▶ _DATA EXCERPTS_

- Opening Delimiter -

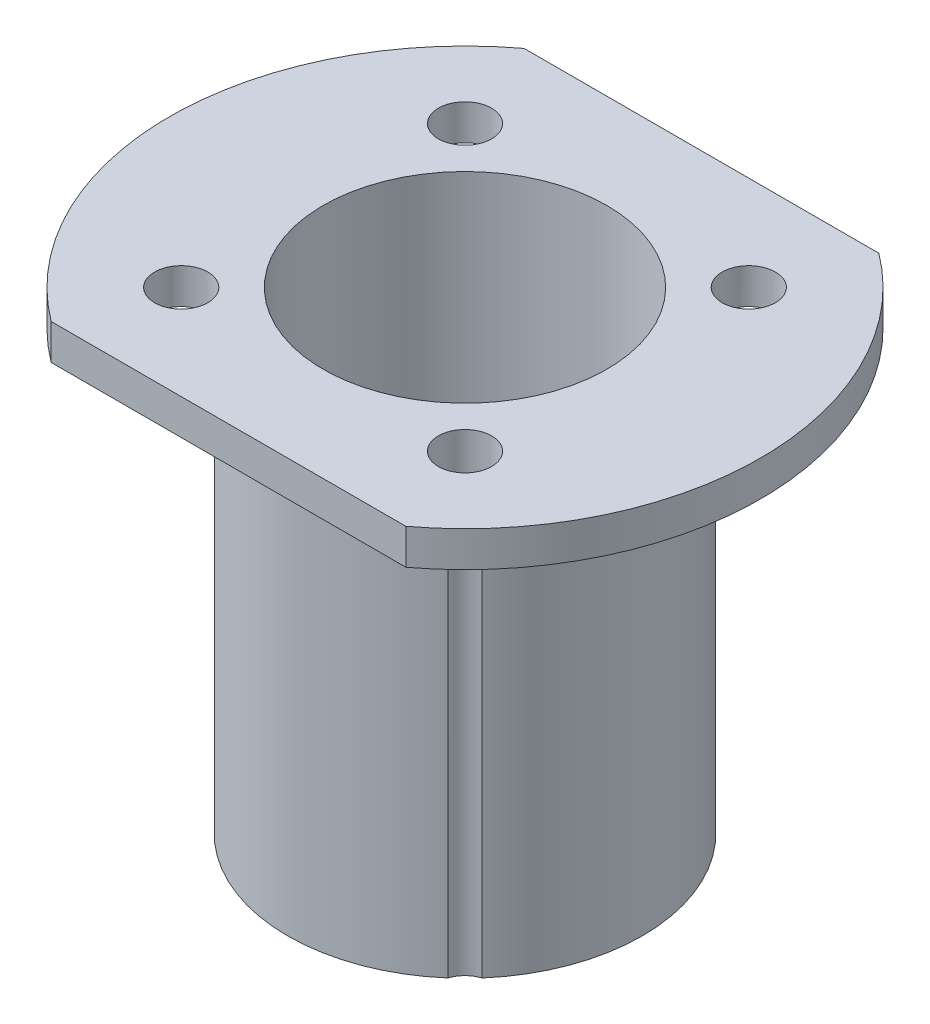
ISO-10303-21;
HEADER;
FILE_DESCRIPTION(('STEP AP214'),'2;1');
FILE_NAME('part.step','',(''),(''),'','','');
FILE_SCHEMA(('AUTOMOTIVE_DESIGN { 1 0 10303 214 1 1 1 1 }'));
ENDSEC;
DATA;
#1=APPLICATION_CONTEXT('core data for automotive mechanical design processes');
#2=APPLICATION_PROTOCOL_DEFINITION('international standard','automotive_design',2000,#1);
#3=PRODUCT_CONTEXT('',#1,'mechanical');
#4=PRODUCT('Part','Part','',(#3));
#5=PRODUCT_RELATED_PRODUCT_CATEGORY('part','',(#4));
#6=PRODUCT_DEFINITION_FORMATION('','',#4);
#7=PRODUCT_DEFINITION_CONTEXT('part definition',#1,'design');
#8=PRODUCT_DEFINITION('design','',#6,#7);
#9=PRODUCT_DEFINITION_SHAPE('','',#8);
#10=(LENGTH_UNIT() NAMED_UNIT(*) SI_UNIT(.MILLI.,.METRE.));
#11=(NAMED_UNIT(*) PLANE_ANGLE_UNIT() SI_UNIT($,.RADIAN.));
#12=(NAMED_UNIT(*) SI_UNIT($,.STERADIAN.) SOLID_ANGLE_UNIT());
#13=UNCERTAINTY_MEASURE_WITH_UNIT(LENGTH_MEASURE(1.E-05),#10,'distance_accuracy_value','');
#14=(GEOMETRIC_REPRESENTATION_CONTEXT(3) GLOBAL_UNCERTAINTY_ASSIGNED_CONTEXT((#13)) GLOBAL_UNIT_ASSIGNED_CONTEXT((#10,
#11,#12)) REPRESENTATION_CONTEXT('',''));
#15=CARTESIAN_POINT('',(0.,0.,0.));
#16=DIRECTION('',(0.,0.,1.));
#17=DIRECTION('',(1.,0.,0.));
#18=AXIS2_PLACEMENT_3D('',#15,#16,#17);
#19=CARTESIAN_POINT('',(0.,0.,0.));
#20=DIRECTION('',(0.,-1.,0.));
#21=DIRECTION('',(0.,0.,-1.));
#22=AXIS2_PLACEMENT_3D('',#19,#20,#21);
#23=CYLINDRICAL_SURFACE('',#22,15.);
#24=DIRECTION('',(0.,1.,0.));
#25=VECTOR('',#24,1.);
#26=CARTESIAN_POINT('',(-9.8604949556783,20.,-11.3035675443217));
#27=LINE('',#26,#25);
#28=CARTESIAN_POINT('',(-9.86049495567831,37.,-11.3035675443217));
#29=VERTEX_POINT('',#28);
#30=CARTESIAN_POINT('',(-9.8604949556783,0.,-11.3035675443217));
#31=VERTEX_POINT('',#30);
#32=EDGE_CURVE('E12',#29,#31,#27,.F.);
#33=ORIENTED_EDGE('',*,*,#32,.F.);
#34=CARTESIAN_POINT('',(0.,37.,0.));
#35=DIRECTION('',(0.,-1.,0.));
#36=DIRECTION('',(0.,0.,-1.));
#37=AXIS2_PLACEMENT_3D('',#34,#35,#36);
#38=CIRCLE('',#37,15.);
#39=CARTESIAN_POINT('',(9.86049495567869,37.,-11.3035675443214));
#40=VERTEX_POINT('',#39);
#41=EDGE_CURVE('E183',#29,#40,#38,.T.);
#42=ORIENTED_EDGE('',*,*,#41,.T.);
#43=DIRECTION('',(0.,1.,0.));
#44=VECTOR('',#43,1.);
#45=CARTESIAN_POINT('',(9.86049495567869,20.,-11.3035675443213));
#46=LINE('',#45,#44);
#47=CARTESIAN_POINT('',(9.86049495567869,0.,-11.3035675443214));
#48=VERTEX_POINT('',#47);
#49=EDGE_CURVE('E137',#48,#40,#46,.T.);
#50=ORIENTED_EDGE('',*,*,#49,.F.);
#51=CARTESIAN_POINT('',(0.,0.,0.));
#52=DIRECTION('',(0.,-1.,0.));
#53=DIRECTION('',(0.,0.,-1.));
#54=AXIS2_PLACEMENT_3D('',#51,#52,#53);
#55=CIRCLE('',#54,15.);
#56=EDGE_CURVE('E55',#31,#48,#55,.T.);
#57=ORIENTED_EDGE('',*,*,#56,.F.);
#58=EDGE_LOOP('',(#33,#42,#50,#57));
#59=FACE_BOUND('',#58,.T.);
#60=ADVANCED_FACE('F34',(#59),#23,.T.);
#61=DIRECTION('',(0.,1.,0.));
#62=VECTOR('',#61,1.);
#63=CARTESIAN_POINT('',(11.3035675443207,20.,-9.8604949556794));
#64=LINE('',#63,#62);
#65=CARTESIAN_POINT('',(11.3035675443207,37.,-9.86049495567941));
#66=VERTEX_POINT('',#65);
#67=CARTESIAN_POINT('',(11.3035675443207,0.,-9.8604949556794));
#68=VERTEX_POINT('',#67);
#69=EDGE_CURVE('E174',#66,#68,#64,.F.);
#70=ORIENTED_EDGE('',*,*,#69,.F.);
#71=CARTESIAN_POINT('',(11.3035675443223,37.,9.86049495567759));
#72=VERTEX_POINT('',#71);
#73=EDGE_CURVE('E189',#66,#72,#38,.T.);
#74=ORIENTED_EDGE('',*,*,#73,.T.);
#75=DIRECTION('',(0.,1.,0.));
#76=VECTOR('',#75,1.);
#77=CARTESIAN_POINT('',(11.3035675443223,20.,9.86049495567758));
#78=LINE('',#77,#76);
#79=CARTESIAN_POINT('',(11.3035675443223,0.,9.86049495567759));
#80=VERTEX_POINT('',#79);
#81=EDGE_CURVE('E168',#80,#72,#78,.T.);
#82=ORIENTED_EDGE('',*,*,#81,.F.);
#83=EDGE_CURVE('E138',#68,#80,#55,.T.);
#84=ORIENTED_EDGE('',*,*,#83,.F.);
#85=EDGE_LOOP('',(#70,#74,#82,#84));
#86=FACE_BOUND('',#85,.T.);
#87=ADVANCED_FACE('F274',(#86),#23,.T.);
#88=DIRECTION('',(0.,1.,0.));
#89=VECTOR('',#88,1.);
#90=CARTESIAN_POINT('',(9.86049495567904,20.,11.303567544321));
#91=LINE('',#90,#89);
#92=CARTESIAN_POINT('',(9.86049495567905,37.,11.303567544321));
#93=VERTEX_POINT('',#92);
#94=CARTESIAN_POINT('',(9.86049495567904,0.,11.303567544321));
#95=VERTEX_POINT('',#94);
#96=EDGE_CURVE('E171',#93,#95,#91,.F.);
#97=ORIENTED_EDGE('',*,*,#96,.F.);
#98=CARTESIAN_POINT('',(-9.86049495567721,37.,11.3035675443226));
#99=VERTEX_POINT('',#98);
#100=EDGE_CURVE('E188',#93,#99,#38,.T.);
#101=ORIENTED_EDGE('',*,*,#100,.T.);
#102=DIRECTION('',(0.,1.,0.));
#103=VECTOR('',#102,1.);
#104=CARTESIAN_POINT('',(-9.86049495567721,20.,11.3035675443226));
#105=LINE('',#104,#103);
#106=CARTESIAN_POINT('',(-9.86049495567721,0.,11.3035675443226));
#107=VERTEX_POINT('',#106);
#108=EDGE_CURVE('E163',#107,#99,#105,.T.);
#109=ORIENTED_EDGE('',*,*,#108,.F.);
#110=EDGE_CURVE('E141',#95,#107,#55,.T.);
#111=ORIENTED_EDGE('',*,*,#110,.F.);
#112=EDGE_LOOP('',(#97,#101,#109,#111));
#113=FACE_BOUND('',#112,.T.);
#114=ADVANCED_FACE('F242',(#113),#23,.T.);
#115=CARTESIAN_POINT('',(25.,40.,0.));
#116=DIRECTION('',(0.,1.,0.));
#117=DIRECTION('',(0.,0.,1.));
#118=AXIS2_PLACEMENT_3D('',#115,#116,#117);
#119=PLANE('',#118);
#120=CARTESIAN_POINT('',(-12.,40.,-12.));
#121=DIRECTION('',(0.,1.,0.));
#122=DIRECTION('',(0.,0.,1.));
#123=AXIS2_PLACEMENT_3D('',#120,#121,#122);
#124=CIRCLE('',#123,2.25);
#125=CARTESIAN_POINT('',(-12.,40.,-9.75));
#126=VERTEX_POINT('',#125);
#127=EDGE_CURVE('E133',#126,#126,#124,.T.);
#128=ORIENTED_EDGE('',*,*,#127,.F.);
#129=EDGE_LOOP('',(#128));
#130=FACE_BOUND('',#129,.T.);
#131=CARTESIAN_POINT('',(12.,40.,-12.0000000000008));
#132=DIRECTION('',(0.,1.,0.));
#133=DIRECTION('',(0.,0.,1.));
#134=AXIS2_PLACEMENT_3D('',#131,#132,#133);
#135=CIRCLE('',#134,2.25);
#136=CARTESIAN_POINT('',(12.,40.,-9.75000000000076));
#137=VERTEX_POINT('',#136);
#138=EDGE_CURVE('E184',#137,#137,#135,.T.);
#139=ORIENTED_EDGE('',*,*,#138,.F.);
#140=EDGE_LOOP('',(#139));
#141=FACE_BOUND('',#140,.T.);
#142=CARTESIAN_POINT('',(12.0000000000008,40.,11.9999999999992));
#143=DIRECTION('',(0.,1.,0.));
#144=DIRECTION('',(0.,0.,1.));
#145=AXIS2_PLACEMENT_3D('',#142,#143,#144);
#146=CIRCLE('',#145,2.25);
#147=CARTESIAN_POINT('',(12.0000000000008,40.,14.2499999999992));
#148=VERTEX_POINT('',#147);
#149=EDGE_CURVE('E228',#148,#148,#146,.T.);
#150=ORIENTED_EDGE('',*,*,#149,.F.);
#151=EDGE_LOOP('',(#150));
#152=FACE_BOUND('',#151,.T.);
#153=CARTESIAN_POINT('',(-11.9999999999992,40.,12.));
#154=DIRECTION('',(0.,1.,0.));
#155=DIRECTION('',(0.,0.,1.));
#156=AXIS2_PLACEMENT_3D('',#153,#154,#155);
#157=CIRCLE('',#156,2.25);
#158=CARTESIAN_POINT('',(-11.9999999999992,40.,14.25));
#159=VERTEX_POINT('',#158);
#160=EDGE_CURVE('E220',#159,#159,#157,.T.);
#161=ORIENTED_EDGE('',*,*,#160,.F.);
#162=EDGE_LOOP('',(#161));
#163=FACE_BOUND('',#162,.T.);
#164=CARTESIAN_POINT('',(0.,40.,0.));
#165=DIRECTION('',(0.,-1.,0.));
#166=DIRECTION('',(0.,0.,-1.));
#167=AXIS2_PLACEMENT_3D('',#164,#165,#166);
#168=CIRCLE('',#167,12.);
#169=CARTESIAN_POINT('',(0.,40.,-12.));
#170=VERTEX_POINT('',#169);
#171=EDGE_CURVE('E148',#170,#170,#168,.T.);
#172=ORIENTED_EDGE('',*,*,#171,.T.);
#173=EDGE_LOOP('',(#172));
#174=FACE_BOUND('',#173,.T.);
#175=CARTESIAN_POINT('',(0.,40.,0.));
#176=DIRECTION('',(0.,-1.,0.));
#177=DIRECTION('',(0.,0.,-1.));
#178=AXIS2_PLACEMENT_3D('',#175,#176,#177);
#179=CIRCLE('',#178,25.);
#180=CARTESIAN_POINT('',(15.,40.,-20.));
#181=VERTEX_POINT('',#180);
#182=CARTESIAN_POINT('',(15.,40.,20.));
#183=VERTEX_POINT('',#182);
#184=EDGE_CURVE('E201',#181,#183,#179,.T.);
#185=ORIENTED_EDGE('',*,*,#184,.F.);
#186=DIRECTION('',(-1.,0.,0.));
#187=VECTOR('',#186,1.);
#188=CARTESIAN_POINT('',(49.765,40.,-20.));
#189=LINE('',#188,#187);
#190=CARTESIAN_POINT('',(-15.,40.,-20.));
#191=VERTEX_POINT('',#190);
#192=EDGE_CURVE('E210',#181,#191,#189,.T.);
#193=ORIENTED_EDGE('',*,*,#192,.T.);
#194=CARTESIAN_POINT('',(-15.,40.,20.));
#195=VERTEX_POINT('',#194);
#196=EDGE_CURVE('E205',#195,#191,#179,.T.);
#197=ORIENTED_EDGE('',*,*,#196,.F.);
#198=DIRECTION('',(1.,0.,0.));
#199=VECTOR('',#198,1.);
#200=CARTESIAN_POINT('',(49.765,40.,20.));
#201=LINE('',#200,#199);
#202=EDGE_CURVE('E213',#195,#183,#201,.T.);
#203=ORIENTED_EDGE('',*,*,#202,.T.);
#204=EDGE_LOOP('',(#185,#193,#197,#203));
#205=FACE_BOUND('',#204,.T.);
#206=ADVANCED_FACE('F36',(#130,#141,#152,#163,#174,#205),#119,.T.);
#207=CARTESIAN_POINT('',(15.,37.,0.));
#208=DIRECTION('',(0.,-1.,0.));
#209=DIRECTION('',(0.,0.,-1.));
#210=AXIS2_PLACEMENT_3D('',#207,#208,#209);
#211=PLANE('',#210);
#212=CARTESIAN_POINT('',(-12.,37.,-12.));
#213=DIRECTION('',(0.,-1.,0.));
#214=DIRECTION('',(0.,0.,-1.));
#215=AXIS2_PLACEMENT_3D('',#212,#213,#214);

- Closing Delimiter -

▶ _TASK INSTRUCTIONS_
Could you repeat exactly the lines in the listing above from the one with "#145=AXIS2_PLACEMENT_3D('',#142,#143,#144);" down to the one with "#180=CARTESIAN_POINT('',(15.,40.,-20.));"? Include both of those lines.

▶ _SOLUTION BELOW_
#145=AXIS2_PLACEMENT_3D('',#142,#143,#144);
#146=CIRCLE('',#145,2.25);
#147=CARTESIAN_POINT('',(12.0000000000008,40.,14.2499999999992));
#148=VERTEX_POINT('',#147);
#149=EDGE_CURVE('E228',#148,#148,#146,.T.);
#150=ORIENTED_EDGE('',*,*,#149,.F.);
#151=EDGE_LOOP('',(#150));
#152=FACE_BOUND('',#151,.T.);
#153=CARTESIAN_POINT('',(-11.9999999999992,40.,12.));
#154=DIRECTION('',(0.,1.,0.));
#155=DIRECTION('',(0.,0.,1.));
#156=AXIS2_PLACEMENT_3D('',#153,#154,#155);
#157=CIRCLE('',#156,2.25);
#158=CARTESIAN_POINT('',(-11.9999999999992,40.,14.25));
#159=VERTEX_POINT('',#158);
#160=EDGE_CURVE('E220',#159,#159,#157,.T.);
#161=ORIENTED_EDGE('',*,*,#160,.F.);
#162=EDGE_LOOP('',(#161));
#163=FACE_BOUND('',#162,.T.);
#164=CARTESIAN_POINT('',(0.,40.,0.));
#165=DIRECTION('',(0.,-1.,0.));
#166=DIRECTION('',(0.,0.,-1.));
#167=AXIS2_PLACEMENT_3D('',#164,#165,#166);
#168=CIRCLE('',#167,12.);
#169=CARTESIAN_POINT('',(0.,40.,-12.));
#170=VERTEX_POINT('',#169);
#171=EDGE_CURVE('E148',#170,#170,#168,.T.);
#172=ORIENTED_EDGE('',*,*,#171,.T.);
#173=EDGE_LOOP('',(#172));
#174=FACE_BOUND('',#173,.T.);
#175=CARTESIAN_POINT('',(0.,40.,0.));
#176=DIRECTION('',(0.,-1.,0.));
#177=DIRECTION('',(0.,0.,-1.));
#178=AXIS2_PLACEMENT_3D('',#175,#176,#177);
#179=CIRCLE('',#178,25.);
#180=CARTESIAN_POINT('',(15.,40.,-20.));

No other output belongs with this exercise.